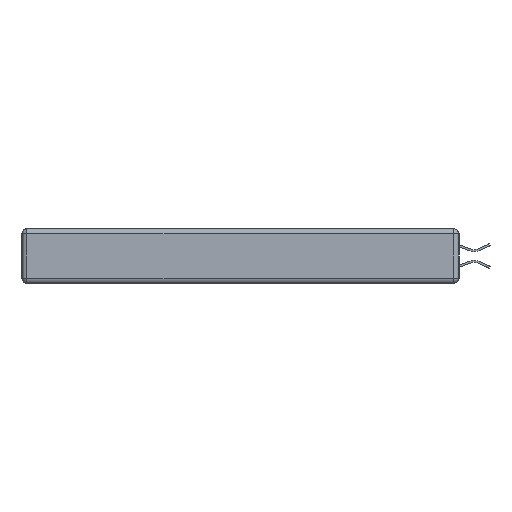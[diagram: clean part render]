
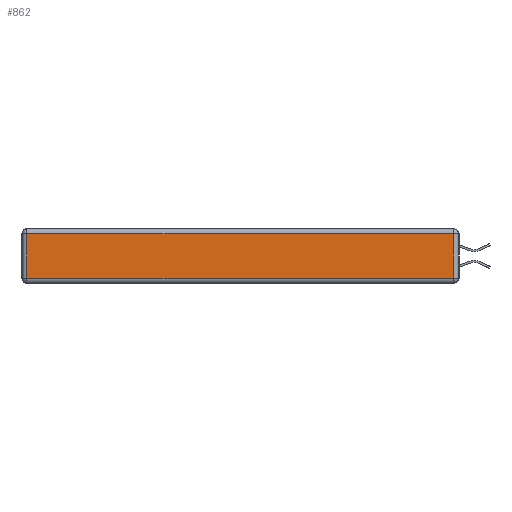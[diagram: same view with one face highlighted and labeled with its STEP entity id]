
A CAD part, left-side view. The second image highlights one B-rep face of the part: STEP entity #862.
In plain terms, the highlighted planar face has unit normal (-1, 0, 0).
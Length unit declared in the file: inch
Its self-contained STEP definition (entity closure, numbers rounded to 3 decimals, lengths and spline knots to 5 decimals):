
#862 = ADVANCED_FACE ( 'NONE', ( #23679 ), #21717, .T. ) ;
#1417 = DIRECTION ( 'NONE',  ( 0., 1., 0. ) ) ;
#2022 = VECTOR ( 'NONE', #24238, 39.37008 ) ;
#2665 = CARTESIAN_POINT ( 'NONE',  ( 0., 0., -0.313 ) ) ;
#5192 = EDGE_CURVE ( 'NONE', #23276, #16133, #16114, .T. ) ;
#5651 = AXIS2_PLACEMENT_3D ( 'NONE', #7771, #12513, #28772 ) ;
#5848 = EDGE_CURVE ( 'NONE', #13181, #23276, #15332, .T. ) ;
#5890 = VECTOR ( 'NONE', #1417, 39.37008 ) ;
#7570 = ORIENTED_EDGE ( 'NONE', *, *, #5848, .T. ) ;
#7597 = DIRECTION ( 'NONE',  ( 0., 0., 1. ) ) ;
#7771 = CARTESIAN_POINT ( 'NONE',  ( 0., 0., -0.343 ) ) ;
#9066 = CARTESIAN_POINT ( 'NONE',  ( 0., 2.72, -0.03 ) ) ;
#10164 = CARTESIAN_POINT ( 'NONE',  ( 0., 0.03, -0.343 ) ) ;
#11925 = CARTESIAN_POINT ( 'NONE',  ( 0., 2.72, -0.313 ) ) ;
#12513 = DIRECTION ( 'NONE',  ( -1., 0., 0. ) ) ;
#12651 = CARTESIAN_POINT ( 'NONE',  ( 0., 2.72, -0.343 ) ) ;
#13181 = VERTEX_POINT ( 'NONE', #18669 ) ;
#14415 = LINE ( 'NONE', #2665, #2022 ) ;
#15078 = DIRECTION ( 'NONE',  ( 0., 0., -1. ) ) ;
#15097 = ORIENTED_EDGE ( 'NONE', *, *, #25024, .T. ) ;
#15332 = LINE ( 'NONE', #10164, #27328 ) ;
#16114 = LINE ( 'NONE', #29311, #5890 ) ;
#16133 = VERTEX_POINT ( 'NONE', #9066 ) ;
#17060 = VECTOR ( 'NONE', #15078, 39.37008 ) ;
#17212 = VERTEX_POINT ( 'NONE', #11925 ) ;
#17616 = EDGE_CURVE ( 'NONE', #17212, #13181, #14415, .T. ) ;
#18669 = CARTESIAN_POINT ( 'NONE',  ( 0., 0.03, -0.313 ) ) ;
#21717 = PLANE ( 'NONE',  #5651 ) ;
#22806 = ORIENTED_EDGE ( 'NONE', *, *, #5192, .T. ) ;
#23199 = LINE ( 'NONE', #12651, #17060 ) ;
#23276 = VERTEX_POINT ( 'NONE', #24616 ) ;
#23637 = EDGE_LOOP ( 'NONE', ( #24169, #7570, #22806, #15097 ) ) ;
#23679 = FACE_OUTER_BOUND ( 'NONE', #23637, .T. ) ;
#24169 = ORIENTED_EDGE ( 'NONE', *, *, #17616, .T. ) ;
#24238 = DIRECTION ( 'NONE',  ( 0., -1., 0. ) ) ;
#24616 = CARTESIAN_POINT ( 'NONE',  ( 0., 0.03, -0.03 ) ) ;
#25024 = EDGE_CURVE ( 'NONE', #16133, #17212, #23199, .T. ) ;
#27328 = VECTOR ( 'NONE', #7597, 39.37008 ) ;
#28772 = DIRECTION ( 'NONE',  ( 0., 0., 1. ) ) ;
#29311 = CARTESIAN_POINT ( 'NONE',  ( 0., 2.75, -0.03 ) ) ;
------------
### Action item
A bare number should be your reply: how many lines in the entries above include the word "VECTOR".

### Task solution
4